# Cube matching



## Davepencilguin (Nov 9, 2009)

I wish there was a guy in real life that was like Ollivander in the Harry Potter books, a guy that would match you up with the perfect cube suited for you.

For some, it's a type-F from Cube4you; for another, it's a sanded store-bought Rubik's brand.


----------



## shelley (Nov 9, 2009)

Is there an Elder Cube that passes ownership via one on one races?


----------



## qqwref (Nov 9, 2009)

I think the best cube for me would be a 55mm cube, made from white V-cube plastic, with the core made out of a lock of Yu Nakajima's hair.

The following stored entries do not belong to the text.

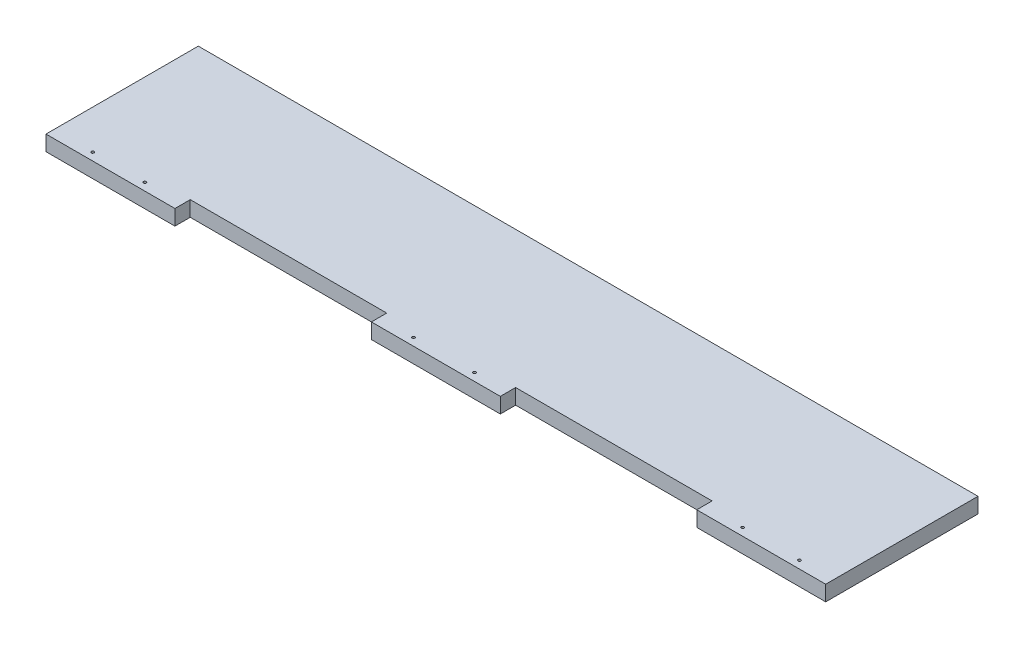
ISO-10303-21;
HEADER;
FILE_DESCRIPTION(('STEP AP214'),'2;1');
FILE_NAME('part.step','',(''),(''),'','','');
FILE_SCHEMA(('AUTOMOTIVE_DESIGN { 1 0 10303 214 1 1 1 1 }'));
ENDSEC;
DATA;
#1=APPLICATION_CONTEXT('core data for automotive mechanical design processes');
#2=APPLICATION_PROTOCOL_DEFINITION('international standard','automotive_design',2000,#1);
#3=PRODUCT_CONTEXT('',#1,'mechanical');
#4=PRODUCT('Part','Part','',(#3));
#5=PRODUCT_RELATED_PRODUCT_CATEGORY('part','',(#4));
#6=PRODUCT_DEFINITION_FORMATION('','',#4);
#7=PRODUCT_DEFINITION_CONTEXT('part definition',#1,'design');
#8=PRODUCT_DEFINITION('design','',#6,#7);
#9=PRODUCT_DEFINITION_SHAPE('','',#8);
#10=(LENGTH_UNIT() NAMED_UNIT(*) SI_UNIT(.MILLI.,.METRE.));
#11=(NAMED_UNIT(*) PLANE_ANGLE_UNIT() SI_UNIT($,.RADIAN.));
#12=(NAMED_UNIT(*) SI_UNIT($,.STERADIAN.) SOLID_ANGLE_UNIT());
#13=UNCERTAINTY_MEASURE_WITH_UNIT(LENGTH_MEASURE(1.E-05),#10,'distance_accuracy_value','');
#14=(GEOMETRIC_REPRESENTATION_CONTEXT(3) GLOBAL_UNCERTAINTY_ASSIGNED_CONTEXT((#13)) GLOBAL_UNIT_ASSIGNED_CONTEXT((#10,
#11,#12)) REPRESENTATION_CONTEXT('',''));
#15=CARTESIAN_POINT('',(0.,0.,0.));
#16=DIRECTION('',(0.,0.,1.));
#17=DIRECTION('',(1.,0.,0.));
#18=AXIS2_PLACEMENT_3D('',#15,#16,#17);
#19=CARTESIAN_POINT('',(-929.418408841076,3217.29154429096,189.));
#20=DIRECTION('',(0.,-1.,0.));
#21=DIRECTION('',(0.,0.,-1.));
#22=AXIS2_PLACEMENT_3D('',#19,#20,#21);
#23=PLANE('',#22);
#24=CARTESIAN_POINT('',(-971.446220261641,3217.29154429096,198.5));
#25=DIRECTION('',(0.,1.,0.));
#26=DIRECTION('',(0.,0.,1.));
#27=AXIS2_PLACEMENT_3D('',#24,#25,#26);
#28=CIRCLE('',#27,1.70000000000003);
#29=CARTESIAN_POINT('',(-971.446220261641,3217.29154429096,200.2));
#30=VERTEX_POINT('',#29);
#31=EDGE_CURVE('E286',#30,#30,#28,.T.);
#32=ORIENTED_EDGE('',*,*,#31,.F.);
#33=EDGE_LOOP('',(#32));
#34=FACE_BOUND('',#33,.T.);
#35=CARTESIAN_POINT('',(-1041.97724555431,3217.29154429096,198.5));
#36=DIRECTION('',(0.,1.,0.));
#37=DIRECTION('',(0.,0.,1.));
#38=AXIS2_PLACEMENT_3D('',#35,#36,#37);
#39=CIRCLE('',#38,1.70000000000003);
#40=CARTESIAN_POINT('',(-1041.97724555431,3217.29154429096,200.2));
#41=VERTEX_POINT('',#40);
#42=EDGE_CURVE('E280',#41,#41,#39,.T.);
#43=ORIENTED_EDGE('',*,*,#42,.F.);
#44=EDGE_LOOP('',(#43));
#45=FACE_BOUND('',#44,.T.);
#46=CARTESIAN_POINT('',(-1374.86191229691,3217.29154429096,198.5));
#47=DIRECTION('',(0.,1.,0.));
#48=DIRECTION('',(0.,0.,1.));
#49=AXIS2_PLACEMENT_3D('',#46,#47,#48);
#50=CIRCLE('',#49,1.70000000000003);
#51=CARTESIAN_POINT('',(-1374.86191229691,3217.29154429096,200.2));
#52=VERTEX_POINT('',#51);
#53=EDGE_CURVE('E274',#52,#52,#50,.T.);
#54=ORIENTED_EDGE('',*,*,#53,.F.);
#55=EDGE_LOOP('',(#54));
#56=FACE_BOUND('',#55,.T.);
#57=CARTESIAN_POINT('',(-1450.47578184059,3217.29154429096,198.5));
#58=DIRECTION('',(0.,1.,0.));
#59=DIRECTION('',(0.,0.,1.));
#60=AXIS2_PLACEMENT_3D('',#57,#58,#59);
#61=CIRCLE('',#60,1.70000000000003);
#62=CARTESIAN_POINT('',(-1450.47578184059,3217.29154429096,200.2));
#63=VERTEX_POINT('',#62);
#64=EDGE_CURVE('E268',#63,#63,#61,.T.);
#65=ORIENTED_EDGE('',*,*,#64,.F.);
#66=EDGE_LOOP('',(#65));
#67=FACE_BOUND('',#66,.T.);
#68=CARTESIAN_POINT('',(-1783.80265985826,3217.29154429096,198.5));
#69=DIRECTION('',(0.,1.,0.));
#70=DIRECTION('',(0.,0.,1.));
#71=AXIS2_PLACEMENT_3D('',#68,#69,#70);
#72=CIRCLE('',#71,1.70000000000003);
#73=CARTESIAN_POINT('',(-1783.80265985826,3217.29154429096,200.2));
#74=VERTEX_POINT('',#73);
#75=EDGE_CURVE('E262',#74,#74,#72,.T.);
#76=ORIENTED_EDGE('',*,*,#75,.F.);
#77=EDGE_LOOP('',(#76));
#78=FACE_BOUND('',#77,.T.);
#79=DIRECTION('',(-1.,0.,0.));
#80=VECTOR('',#79,1.);
#81=CARTESIAN_POINT('',(-929.418408841076,3217.29154429096,19.));
#82=LINE('',#81,#80);
#83=CARTESIAN_POINT('',(-929.418408841076,3217.29154429096,19.));
#84=VERTEX_POINT('',#83);
#85=CARTESIAN_POINT('',(-1897.01840884108,3217.29154429096,19.));
#86=VERTEX_POINT('',#85);
#87=EDGE_CURVE('E230',#84,#86,#82,.T.);
#88=ORIENTED_EDGE('',*,*,#87,.T.);
#89=DIRECTION('',(0.,0.,-1.));
#90=VECTOR('',#89,1.);
#91=CARTESIAN_POINT('',(-1897.01840884108,3217.29154429096,189.));
#92=LINE('',#91,#90);
#93=CARTESIAN_POINT('',(-1897.01840884108,3217.29154429096,208.));
#94=VERTEX_POINT('',#93);
#95=EDGE_CURVE('E41',#94,#86,#92,.T.);
#96=ORIENTED_EDGE('',*,*,#95,.F.);
#97=DIRECTION('',(1.,0.,0.));
#98=VECTOR('',#97,1.);
#99=CARTESIAN_POINT('',(-1737.01840884108,3217.29154429096,208.));
#100=LINE('',#99,#98);
#101=CARTESIAN_POINT('',(-1737.01840884108,3217.29154429096,208.));
#102=VERTEX_POINT('',#101);
#103=EDGE_CURVE('E203',#94,#102,#100,.T.);
#104=ORIENTED_EDGE('',*,*,#103,.T.);
#105=DIRECTION('',(0.,0.,-1.));
#106=VECTOR('',#105,1.);
#107=CARTESIAN_POINT('',(-1737.01840884108,3217.29154429096,227.));
#108=LINE('',#107,#106);
#109=CARTESIAN_POINT('',(-1737.01840884108,3217.29154429096,189.));
#110=VERTEX_POINT('',#109);
#111=EDGE_CURVE('E214',#102,#110,#108,.T.);
#112=ORIENTED_EDGE('',*,*,#111,.T.);
#113=DIRECTION('',(-1.,0.,0.));
#114=VECTOR('',#113,1.);
#115=CARTESIAN_POINT('',(-929.418408841076,3217.29154429096,189.));
#116=LINE('',#115,#114);
#117=CARTESIAN_POINT('',(-1493.21840884108,3217.29154429096,189.));
#118=VERTEX_POINT('',#117);
#119=EDGE_CURVE('E225',#118,#110,#116,.T.);
#120=ORIENTED_EDGE('',*,*,#119,.F.);
#121=DIRECTION('',(0.,0.,-1.));
#122=VECTOR('',#121,1.);
#123=CARTESIAN_POINT('',(-1493.21840884108,3217.29154429096,227.));
#124=LINE('',#123,#122);
#125=CARTESIAN_POINT('',(-1493.21840884108,3217.29154429096,208.));
#126=VERTEX_POINT('',#125);
#127=EDGE_CURVE('E183',#126,#118,#124,.T.);
#128=ORIENTED_EDGE('',*,*,#127,.F.);
#129=DIRECTION('',(1.,0.,0.));
#130=VECTOR('',#129,1.);
#131=CARTESIAN_POINT('',(-1333.21840884108,3217.29154429096,208.));
#132=LINE('',#131,#130);
#133=CARTESIAN_POINT('',(-1333.21840884108,3217.29154429096,208.));
#134=VERTEX_POINT('',#133);
#135=EDGE_CURVE('E167',#126,#134,#132,.T.);
#136=ORIENTED_EDGE('',*,*,#135,.T.);
#137=DIRECTION('',(0.,0.,-1.));
#138=VECTOR('',#137,1.);
#139=CARTESIAN_POINT('',(-1333.21840884108,3217.29154429096,227.));
#140=LINE('',#139,#138);
#141=CARTESIAN_POINT('',(-1333.21840884108,3217.29154429096,189.));
#142=VERTEX_POINT('',#141);
#143=EDGE_CURVE('E189',#134,#142,#140,.T.);
#144=ORIENTED_EDGE('',*,*,#143,.T.);
#145=CARTESIAN_POINT('',(-1089.41840884108,3217.29154429096,189.));
#146=VERTEX_POINT('',#145);
#147=EDGE_CURVE('E129',#146,#142,#116,.T.);
#148=ORIENTED_EDGE('',*,*,#147,.F.);
#149=DIRECTION('',(0.,0.,-1.));
#150=VECTOR('',#149,1.);
#151=CARTESIAN_POINT('',(-1089.41840884108,3217.29154429096,227.));
#152=LINE('',#151,#150);
#153=CARTESIAN_POINT('',(-1089.41840884108,3217.29154429096,208.));
#154=VERTEX_POINT('',#153);
#155=EDGE_CURVE('E140',#154,#146,#152,.T.);
#156=ORIENTED_EDGE('',*,*,#155,.F.);
#157=DIRECTION('',(1.,0.,0.));
#158=VECTOR('',#157,1.);
#159=CARTESIAN_POINT('',(-929.418408841076,3217.29154429096,208.));
#160=LINE('',#159,#158);
#161=CARTESIAN_POINT('',(-929.418408841076,3217.29154429096,208.));
#162=VERTEX_POINT('',#161);
#163=EDGE_CURVE('E139',#154,#162,#160,.T.);
#164=ORIENTED_EDGE('',*,*,#163,.T.);
#165=DIRECTION('',(0.,0.,-1.));
#166=VECTOR('',#165,1.);
#167=CARTESIAN_POINT('',(-929.418408841076,3217.29154429096,189.));
#168=LINE('',#167,#166);
#169=EDGE_CURVE('E11',#162,#84,#168,.T.);
#170=ORIENTED_EDGE('',*,*,#169,.T.);
#171=EDGE_LOOP('',(#88,#96,#104,#112,#120,#128,#136,#144,#148,#156,#164,#170));
#172=FACE_BOUND('',#171,.T.);
#173=CARTESIAN_POINT('',(-1848.5457505431,3217.29154429096,198.5));
#174=DIRECTION('',(0.,1.,0.));
#175=DIRECTION('',(0.,0.,1.));
#176=AXIS2_PLACEMENT_3D('',#173,#174,#175);
#177=CIRCLE('',#176,1.70000000000003);
#178=CARTESIAN_POINT('',(-1848.5457505431,3217.29154429096,200.2));
#179=VERTEX_POINT('',#178);
#180=EDGE_CURVE('E149',#179,#179,#177,.T.);
#181=ORIENTED_EDGE('',*,*,#180,.F.);
#182=EDGE_LOOP('',(#181));
#183=FACE_BOUND('',#182,.T.);
#184=ADVANCED_FACE('F33',(#34,#45,#56,#67,#78,#172,#183),#23,.F.);
#185=CARTESIAN_POINT('',(0.,0.,189.));
#186=DIRECTION('',(0.,0.,-1.));
#187=DIRECTION('',(-1.,0.,0.));
#188=AXIS2_PLACEMENT_3D('',#185,#186,#187);
#189=PLANE('',#188);
#190=CARTESIAN_POINT('',(-1089.41840884108,3217.29154429096,189.));
#191=CARTESIAN_POINT('',(-1089.41840884108,3198.29154429096,189.));
#192=B_SPLINE_CURVE_WITH_KNOTS('',1,(#190,#191),.UNSPECIFIED.,.F.,.F.,(2,2),(0.,
0.0530726256983244),.UNSPECIFIED.);
#193=CARTESIAN_POINT('',(-1089.41840884108,3198.29154429096,189.));
#194=VERTEX_POINT('',#193);
#195=EDGE_CURVE('E48',#146,#194,#192,.T.);
#196=ORIENTED_EDGE('',*,*,#195,.F.);
#197=ORIENTED_EDGE('',*,*,#147,.T.);
#198=CARTESIAN_POINT('',(-1333.21840884108,3198.29154429096,189.));
#199=CARTESIAN_POINT('',(-1333.21840884108,3217.29154429096,189.));
#200=B_SPLINE_CURVE_WITH_KNOTS('',1,(#198,#199),.UNSPECIFIED.,.F.,.F.,(2,2),(0.5,
0.553072625698324),.UNSPECIFIED.);
#201=CARTESIAN_POINT('',(-1333.21840884108,3198.29154429096,189.));
#202=VERTEX_POINT('',#201);
#203=EDGE_CURVE('E124',#202,#142,#200,.T.);
#204=ORIENTED_EDGE('',*,*,#203,.F.);
#205=DIRECTION('',(1.,0.,0.));
#206=VECTOR('',#205,1.);
#207=CARTESIAN_POINT('',(-929.418408841076,3198.29154429096,189.));
#208=LINE('',#207,#206);
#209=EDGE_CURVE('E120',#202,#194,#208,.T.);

"Yu only donated two locks of hair to make cubes, and the owner of the other cube has become the most powerful big cube solver on the east coast... I think we can expect great things from you!"


----------



## Swordsman Kirby (Nov 9, 2009)

Nah, everyone would just be matched with a mini-C.


----------



## stiwi griffin (Nov 9, 2009)

crappy cubes are the best


----------



## Innocence (Nov 9, 2009)

Swordsman Kirby said:


> Nah, everyone would just be matched with a mini-C.



+1. But sadly enough, not everyone thinks mini c is ftw kthxbi. I think even the crappy cubes have followers. Like New type A II, or...dare I say it...Type B.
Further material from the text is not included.